What can parents do to have a better relationship with their children?
I would encourage people to have second thoughts about the way they were parented. If there are problems in their relationship with their children, then they should question whether it makes sense for them to learn more about positive parenting strategies. There are many programs out there to enhance parenting skills.
It’s really the interaction between parent and child that matters the most when it comes to behavioral problems in children. Eli Leibowitz, Ph.D. at the Yale Child Study Center, for instance, has developed an intervention to help parents of children with obsessive compulsive disorder avoid what we call “family accommodation.” Family accommodation refers to ways in which family members inadvertently take part in the performance of rituals, avoidance of anxiety-provoking situations, or modification of daily routines in response to their child’s requests. The idea is, when a child approaches you and asks for reassurance, you should not respond to them with, “You are okay. I am okay. Don’t worry.” If you respond to those obsessive questions in the way the child is hoping and you do that as often as the child asks, you are providing reinforcement for them to continue to ask. Significant improvement of OCD symptoms with treatment is associated with reductions in family accommodation. To achieve this Dr. Leibowitz suggests that parents wait for a time when your child is not acting fearful and you are not feeling frustrated by his avoidance. Sit down in a relaxed way and say, “We know how difficult it is for you to do [fill in]. We understand it makes you feel really anxious or afraid. We want you to know that this is perfectly natural and everyone feels afraid sometimes. But it is our job as your parents to help you get better at things that are hard for you. We are all going to be working on this for a while and it will probably take time, but we love you too much not to help you. Soon we’ll talk about this again and we will have some ideas for things to do that will help with this. We are really very proud of you!”

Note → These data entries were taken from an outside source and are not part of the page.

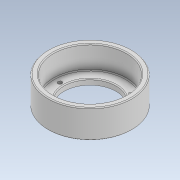
# Autodesk Inventor part: front_hip_mask
Saved by Autodesk Inventor 2020 (Build 240168000, 168)
## iProperties
Created: 2021-02-08
Part Number: front_hip_mask
Material: Generic
Document SubType Name: Modeling
Designer: DELL
Density: 1 g/cm^3
Appearance: Default
Author: DELL
Autodesk Inventor part; units mm, degrees
ref_plane "YZ Plane" through (0, 0, 0) normal (1, 0, 0) x (0, 1, 0)
ref_plane "XZ Plane" through (0, 0, 0) normal (0, 1, 0) x (-1, 0, 0)
ref_plane "XY Plane" through (0, 0, 0) normal (0, 0, 1) x (1, 0, 0)
sketch "Sketch1" plane through (0, 0, 0) normal (0, 1, 0) x (-1, 0, 0)
  circle A0 centre (0, 0) radius 46
  circle A1 centre (0, 0) radius 40
  circle A2 centre (0, 0) radius 28.5
  circle A3 centre (0, 0) radius 33 construction
  line L0 (0, 0) -> (16.5, 28.5788) construction
  line L1 (46, 0) -> (-46, 0) construction
  circle A4 centre (33, 0) radius 2.25
  circle A5 centre (16.5, 28.5788) radius 2.25
  circle A6 centre (33, 0) radius 3.75
  circle A7 centre (16.5, 28.5788) radius 3.75
  line L2 (0, 46) -> (0, -46) construction
  circle A8 centre (16.5, -28.5788) radius 2.25
  circle A9 centre (16.5, -28.5788) radius 3.75
  circle A10 centre (-16.5, 28.5788) radius 2.25
  circle A11 centre (-16.5, 28.5788) radius 3.75
  circle A12 centre (-16.5, -28.5788) radius 3.75
  circle A13 centre (-16.5, -28.5788) radius 2.25
  line L3 (0, 0) -> (-16.5, 28.5788) construction
  line L4 (-20, 34.641) -> (-0.3277, 45.9988)
  line L5 (-16.5, 28.5788) -> (-20, 34.641) construction
  line L6 (-20, -34.641) -> (-0.3277, -45.9988)
  dimension "d0" = 92
  dimension "d1" = 80
  dimension "d2" = 57
  dimension "d3" = 66
  dimension "d4" = 60
  dimension "d5" = 4.5
  dimension "d6" = 7.5
  constraints: 14 centre point, 14 end point, 10 coincident, 9 point on circle, 8 symmetric about line, 3 midpoint, 2 equal radius, 2 point on line, 1 collinear, 1 horizontal, 1 tangent, 1 vertical, 6 other
  measures "d0" diameter of A0
  measures "d1" diameter of A1
  measures "d2" diameter of A2
  measures "d3" diameter of A3
  measures "d4" angle of L1 L0
  measures "d5" diameter of A4
  measures "d6" diameter of A6
extrude "Extrusion1" add sketch "Sketch1" along normal blind 6 contours A0 L6 A1 L4 | L4 A1 L6 A0 | A1 | A5 | A6 | A7 | A8 | A9 | A11 | A12
extrude "Extrusion2" add sketch "Sketch1" along normal blind 25 from surface at 6 contours A0 L6 A1 L4 | L4 A1 L6 A0
fillet "Fillet1" [suppressed]
fillet "Fillet2" [suppressed]
fillet "Fillet3" radius 1 5 edges at (-20, 6, 34.641) (-0.3277, 31, -45.9988) (-20, 31, 34.641) (-0.3277, 0, -45.9988) (28.5, 6, 0)
extrude "Extrusion3" cut sketch "Sketch1" along normal blind 3 contours A4 | A6 | A10 | A11 | A12 | A13
body "Solid1"

Some of the interventions you have advocated are home-visitation based, but many are in group settings. What kind of advantages does the group offer?
One of the wonderful things about these programs—for example, those of the Mother-Child Education Foundation in Turkey—is that it’s done in groups of moms and dads. The trainers in these group settings are obviously important, but so are the participants. If you respond to your child in a different way and the child changes, that can be enormously reinforcing to parents. When other parents in the group hear about these changes it’s much easier for them to go out and try those changes themselves. Sometimes parents are also recruited as co-trainers.
The participants form a support system. When I first met with the board of the Mother-Child Education Foundation (AÇEV) they wanted me to explain from a neuroscience perspective why it was that fathers who came from different social, cultural and religious backgrounds become friends with one another and decided to continue interacting with one another even after the curriculum ended. I reviewed with the AÇEV Board the direct interface between our affiliative and our stress response pathways in our bodies and brains and the power of group processes to break down social barriers and stereotypes of the “other.”
Some good examples of early intervention programs include Circle of Security, a program designed to enhance attachment security that has various locations in the U.S., and in the world. Another program, Mom Power in Michigan, is a parenting group for mothers receiving Medicaid whose children are under age 6. Other programs for parents of children across the age range include Triple P the Power of Positive Parenting (originally developed in Australia) and Parenting Management Training (initially developed in Oregon).